Give back exactly the lines from the start of the entries below to the line holding "Vertical Propulsion : Subsystem", that line included, and leave every picture out.

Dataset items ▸
..............................

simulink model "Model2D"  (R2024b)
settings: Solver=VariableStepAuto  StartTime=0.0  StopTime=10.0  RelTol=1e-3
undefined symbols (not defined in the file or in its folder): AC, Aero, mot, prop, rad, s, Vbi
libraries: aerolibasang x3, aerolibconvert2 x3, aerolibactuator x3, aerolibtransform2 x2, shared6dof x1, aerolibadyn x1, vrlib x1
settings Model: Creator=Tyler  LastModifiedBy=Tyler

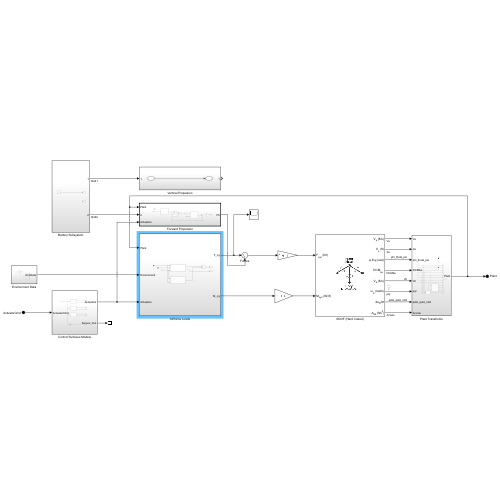
[thumbnail: Simulink's stored preview of the top-level diagram]
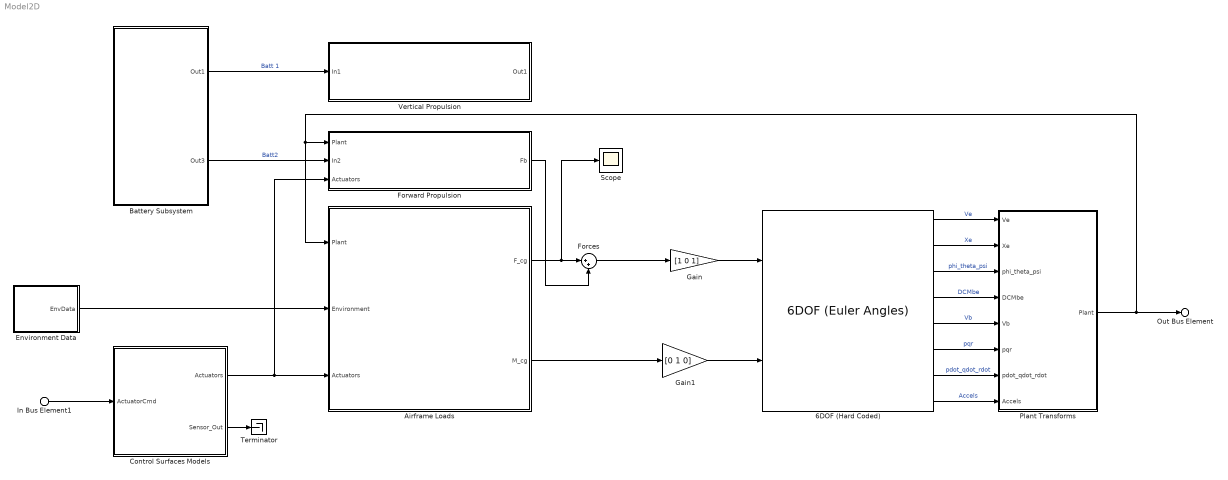
== system Model2D ==
  In Bus Element1 : Inport  PortName=ActuatorCmd
  6DOF (Hard Coded) : shared6dof/6DOF (Euler Angles)  units=English (Velocity in ft/s)  mtype=Fixed  rep=Quaternion  xme_0=[0 0 0]  Vm_0=[0 0 0]  eul_0=[0 0 0]  pm_0=[0 0 0]  mass_0=0.115  mass_e=0.5  mass_f=2.0  inertia=diag([11.38 9.6 20.40])  inertia_e=eye(3)  inertia_f=2*eye(3)  k_quat=1.0  vre_flag=on  abi_flag=off  aMode=0  xme_statename=''  Vm_statename=''  eul_statename=''  quat_statename=''  pm_statename=''  mass_statename=''
  Airframe Loads : Subsystem
  Battery Subsystem : Subsystem
  Control Surfaces Models : Subsystem
  Environment Data : Subsystem
  Forces : Sum  Inputs=|++
  Forward Propulsion : Subsystem  TreatAsAtomicUnit=on
  Gain : Gain  Gain=[1 0 1]
  Gain1 : Gain  Gain=[0 1 0]
  Plant Transforms : Subsystem
  Scope : Scope
  Terminator : Terminator
  Vertical Propulsion : Subsystem
  Out Bus Element : Outport  PortName=Plant
  wires:
  Control Surfaces Models/1(Actuators) -> Airframe Loads/3(Actuators), Forward Propulsion/3(Actuators)
  6DOF (Hard Coded)/6 -> Plant Transforms/6(pqr)  "pqr"
  6DOF (Hard Coded)/3 -> Plant Transforms/3(phi_theta_psi)  "phi_theta_psi"
  6DOF (Hard Coded)/1 -> Plant Transforms/1(Ve)  "Ve"
  Battery Subsystem/2(Out3) -> Forward Propulsion/2(In2)  "Batt2"
  Plant Transforms/1(Plant) -> Out Bus Element/1, Airframe Loads/1(Plant), Forward Propulsion/1(Plant)
  Forward Propulsion/1(Fb) -> Forces/2
  6DOF (Hard Coded)/8 -> Plant Transforms/8(Accels)  "Accels"
  6DOF (Hard Coded)/7 -> Plant Transforms/7(pdot_qdot_rdot)  "pdot_qdot_rdot"
  Gain/1 -> 6DOF (Hard Coded)/1
  6DOF (Hard Coded)/5 -> Plant Transforms/5(Vb)  "Vb"
  Forces/1 -> Gain/1
  Environment Data/1(EnvData) -> Airframe Loads/2(Environment)
  Gain1/1 -> 6DOF (Hard Coded)/2
  6DOF (Hard Coded)/4 -> Plant Transforms/4(DCMbe)  "DCMbe"
  Airframe Loads/2(M_cg) -> Gain1/1
  Control Surfaces Models/2(Sensor_Out) -> Terminator/1
  6DOF (Hard Coded)/2 -> Plant Transforms/2(Xe)  "Xe"
  In Bus Element1/1 -> Control Surfaces Models/1(ActuatorCmd)
  Battery Subsystem/1(Out1) -> Vertical Propulsion/1(In1)  "Batt 1"
  Airframe Loads/1(F_cg) -> Scope/1, Forces/1

== system Model2D/Airframe Loads ==
  Plant : Inport
  In Bus Element : Inport  Port=2  PortName=Environment
  In Bus Element1 : Inport  Port=3  PortName=Actuators
  Add : Sum
  Aerodynamic Loads : Subsystem
  Gravity Force : Subsystem
  F_cg : Outport
  M_cg : Outport  Port=2
  wires:
  Plant/1 -> Gravity Force/1(Plant), Aerodynamic Loads/3(plant)
  In Bus Element/1 -> Gravity Force/2(Environment), Aerodynamic Loads/1(EnvData)
  In Bus Element1/1 -> Aerodynamic Loads/2(Actuators)
  Aerodynamic Loads/1(Fb) -> Add/1
  Add/1 -> F_cg/1
  Aerodynamic Loads/2(Mb) -> M_cg/1
  Gravity Force/1(Fg_b) -> Add/2

== system Model2D/Battery Subsystem ==
  Initial Voltage : Constant
  Out1 : Outport
  Out3 : Outport  Port=2
  wires:
  Initial Voltage/1 -> Out1/1

== system Model2D/Control Surfaces Models ==
  In Bus Element1 : Inport  PortName=ActuatorCmd
  Ailerons : Subsystem
  Bus Selector : BusSelector  OutputSignals=Throttle
  Elevator : Subsystem
  Rudder : Subsystem
  Out Bus Element2 : Outport  VectorParamsAs1DForOutWhenUnconnected=off  PortName=Actuators  Element=Aileron
  Out Bus Element3 : Outport  VectorParamsAs1DForOutWhenUnconnected=off  PortName=Actuators  Element=Elevator
  Out Bus Element4 : Outport  VectorParamsAs1DForOutWhenUnconnected=off  PortName=Actuators  Element=Rudder
  BusElementOut : Outport  PortName=Actuators  Element=Throttle
  Out Bus Element12 : Outport  Port=2  VectorParamsAs1DForOutWhenUnconnected=off  PortName=Sensor_Out  Element=Ail
  Out Bus Element1 : Outport  Port=2  VectorParamsAs1DForOutWhenUnconnected=off  PortName=Sensor_Out  Element=Ele
  Out Bus Element5 : Outport  Port=2  VectorParamsAs1DForOutWhenUnconnected=off  PortName=Sensor_Out  Element=Rud
  wires:
  Ailerons/1(SensorOut) -> Out Bus Element12/1  "Rudder"
  Ailerons/2(Positions) -> Out Bus Element2/1  "Rudder"
  In Bus Element1/1 -> Bus Selector/1, Rudder/1(Commands), Elevator/1(Commands), Ailerons/1(Commands)
  Elevator/1(SensorOut) -> Out Bus Element1/1  "Rudder"
  Elevator/2(Positions) -> Out Bus Element3/1  "Rudder"
  Rudder/2(Positions) -> Out Bus Element4/1  "Rudder"
  Rudder/1(SensorOut) -> Out Bus Element5/1  "Rudder"
  Bus Selector/1 -> BusElementOut/1  "<Throttle>"

== system Model2D/Environment Data ==
  Air Density : Constant  Value=0.002377
  Bus Creator : BusCreator  Inputs=5
  Constant : Constant  Value=0
  Constant1 : Constant  Value=0
  Constant2 : Constant  Value=32.2
  Gravity Acceleration : Constant  Value=[0 0 32.2]
  Mux : Mux  Inputs=3
  Speed of Sound : Constant  Value=1100
  Wind Angular Rates : Constant  Value=[0 0 0]
  Wind Velocity : Constant  Value=[0 0 0]
  EnvData : Outport
  wires:
  Air Density/1 -> Bus Creator/3  "rho"
  Speed of Sound/1 -> Bus Creator/2  "a"
  Mux/1 -> Bus Creator/1  "Ag"
  Wind Velocity/1 -> Bus Creator/4  "WindVelocity"
  Wind Angular Rates/1 -> Bus Creator/5  "WindAngularRates"
  Bus Creator/1 -> EnvData/1  "Environment"
  Constant/1 -> Mux/1
  Constant1/1 -> Mux/2
  Constant2/1 -> Mux/3

== system Model2D/Forward Propulsion ==
  In Bus Element2 : Inport  PortName=Plant  Element=Airspeed
  In2 : Inport  Port=2
  In Bus Element1 : Inport  Port=3  PortName=Actuators  Element=Throttle
  Bus Selector1 : BusSelector  OutputSignals=Thrust,Torque
  Divide1 : Product  Inputs=*/
  Gain1 : Gain  Gain=[1 0 0]
  Integrator : Integrator  InitialCondition=200
  Motor Model : Subsystem
  Prop MOI (slug-ft^2) : Constant  Value=prop.MOI
  Propeller Model : Subsystem
  Subtract : Sum  Inputs=+-
  Fb : Outport
  wires:
  In Bus Element2/1 -> Propeller Model/2(Airspeed)
  Propeller Model/1(Propulsion Data) -> Bus Selector1/1
  Prop MOI (slug-ft^2)/1 -> Divide1/2
  Divide1/1 -> Integrator/1  "Omega dot"
  In Bus Element1/1 -> Motor Model/1(Throttle)
  Integrator/1 -> Propeller Model/1(Omega)  "omega"
  Subtract/1 -> Divide1/1
  Motor Model/1(Torque (ft-lbf)) -> Subtract/1
  Bus Selector1/2 -> Subtract/2  "<Torque>"
  Bus Selector1/1 -> Gain1/1  "<Thrust>"
  Gain1/1 -> Fb/1

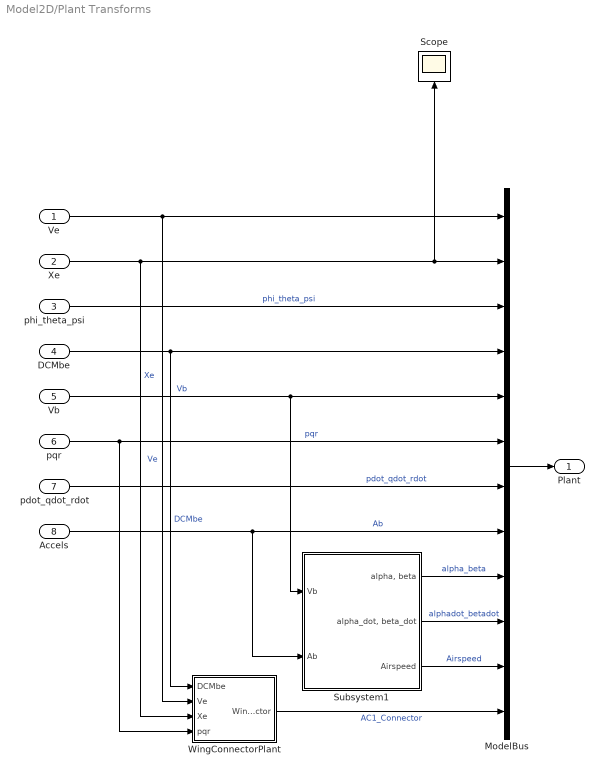
== system Model2D/Plant Transforms ==
  Ve : Inport
  Xe : Inport  Port=2
  phi_theta_psi : Inport  Port=3
  DCMbe : Inport  Port=4
  Vb : Inport  Port=5
  pqr : Inport  Port=6
  pdot_qdot_rdot : Inport  Port=7
  Accels : Inport  Port=8
  ModelBus : BusCreator  Inputs=12
  Scope : Scope
  Subsystem1 : Subsystem
  WingConnectorPlant : Subsystem
  Plant : Outport
  wires:
  Ve/1 -> WingConnectorPlant/2(Ve), ModelBus/1  "Ve"
  ModelBus/1 -> Plant/1
  DCMbe/1 -> ModelBus/4, WingConnectorPlant/1(DCMbe)  "DCMbe"
  pqr/1 -> WingConnectorPlant/4(pqr), ModelBus/6  "pqr"
  pdot_qdot_rdot/1 -> ModelBus/7  "pdot_qdot_rdot"
  Subsystem1/2("alpha_dot, beta_dot") -> ModelBus/10  "alphadot_betadot"
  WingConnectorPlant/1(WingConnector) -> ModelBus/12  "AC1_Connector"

..............................

SOLUTION TO THE EXERCISE ▸
simulink model "Model2D"  (R2024b)
settings: Solver=VariableStepAuto  StartTime=0.0  StopTime=10.0  RelTol=1e-3
undefined symbols (not defined in the file or in its folder): AC, Aero, mot, prop, rad, s, Vbi
libraries: aerolibasang x3, aerolibconvert2 x3, aerolibactuator x3, aerolibtransform2 x2, shared6dof x1, aerolibadyn x1, vrlib x1
settings Model: Creator=Tyler  LastModifiedBy=Tyler

[thumbnail: Simulink's stored preview of the top-level diagram]
== system Model2D ==
  In Bus Element1 : Inport  PortName=ActuatorCmd
  6DOF (Hard Coded) : shared6dof/6DOF (Euler Angles)  units=English (Velocity in ft/s)  mtype=Fixed  rep=Quaternion  xme_0=[0 0 0]  Vm_0=[0 0 0]  eul_0=[0 0 0]  pm_0=[0 0 0]  mass_0=0.115  mass_e=0.5  mass_f=2.0  inertia=diag([11.38 9.6 20.40])  inertia_e=eye(3)  inertia_f=2*eye(3)  k_quat=1.0  vre_flag=on  abi_flag=off  aMode=0  xme_statename=''  Vm_statename=''  eul_statename=''  quat_statename=''  pm_statename=''  mass_statename=''
  Airframe Loads : Subsystem
  Battery Subsystem : Subsystem
  Control Surfaces Models : Subsystem
  Environment Data : Subsystem
  Forces : Sum  Inputs=|++
  Forward Propulsion : Subsystem  TreatAsAtomicUnit=on
  Gain : Gain  Gain=[1 0 1]
  Gain1 : Gain  Gain=[0 1 0]
  Plant Transforms : Subsystem
  Scope : Scope
  Terminator : Terminator
  Vertical Propulsion : Subsystem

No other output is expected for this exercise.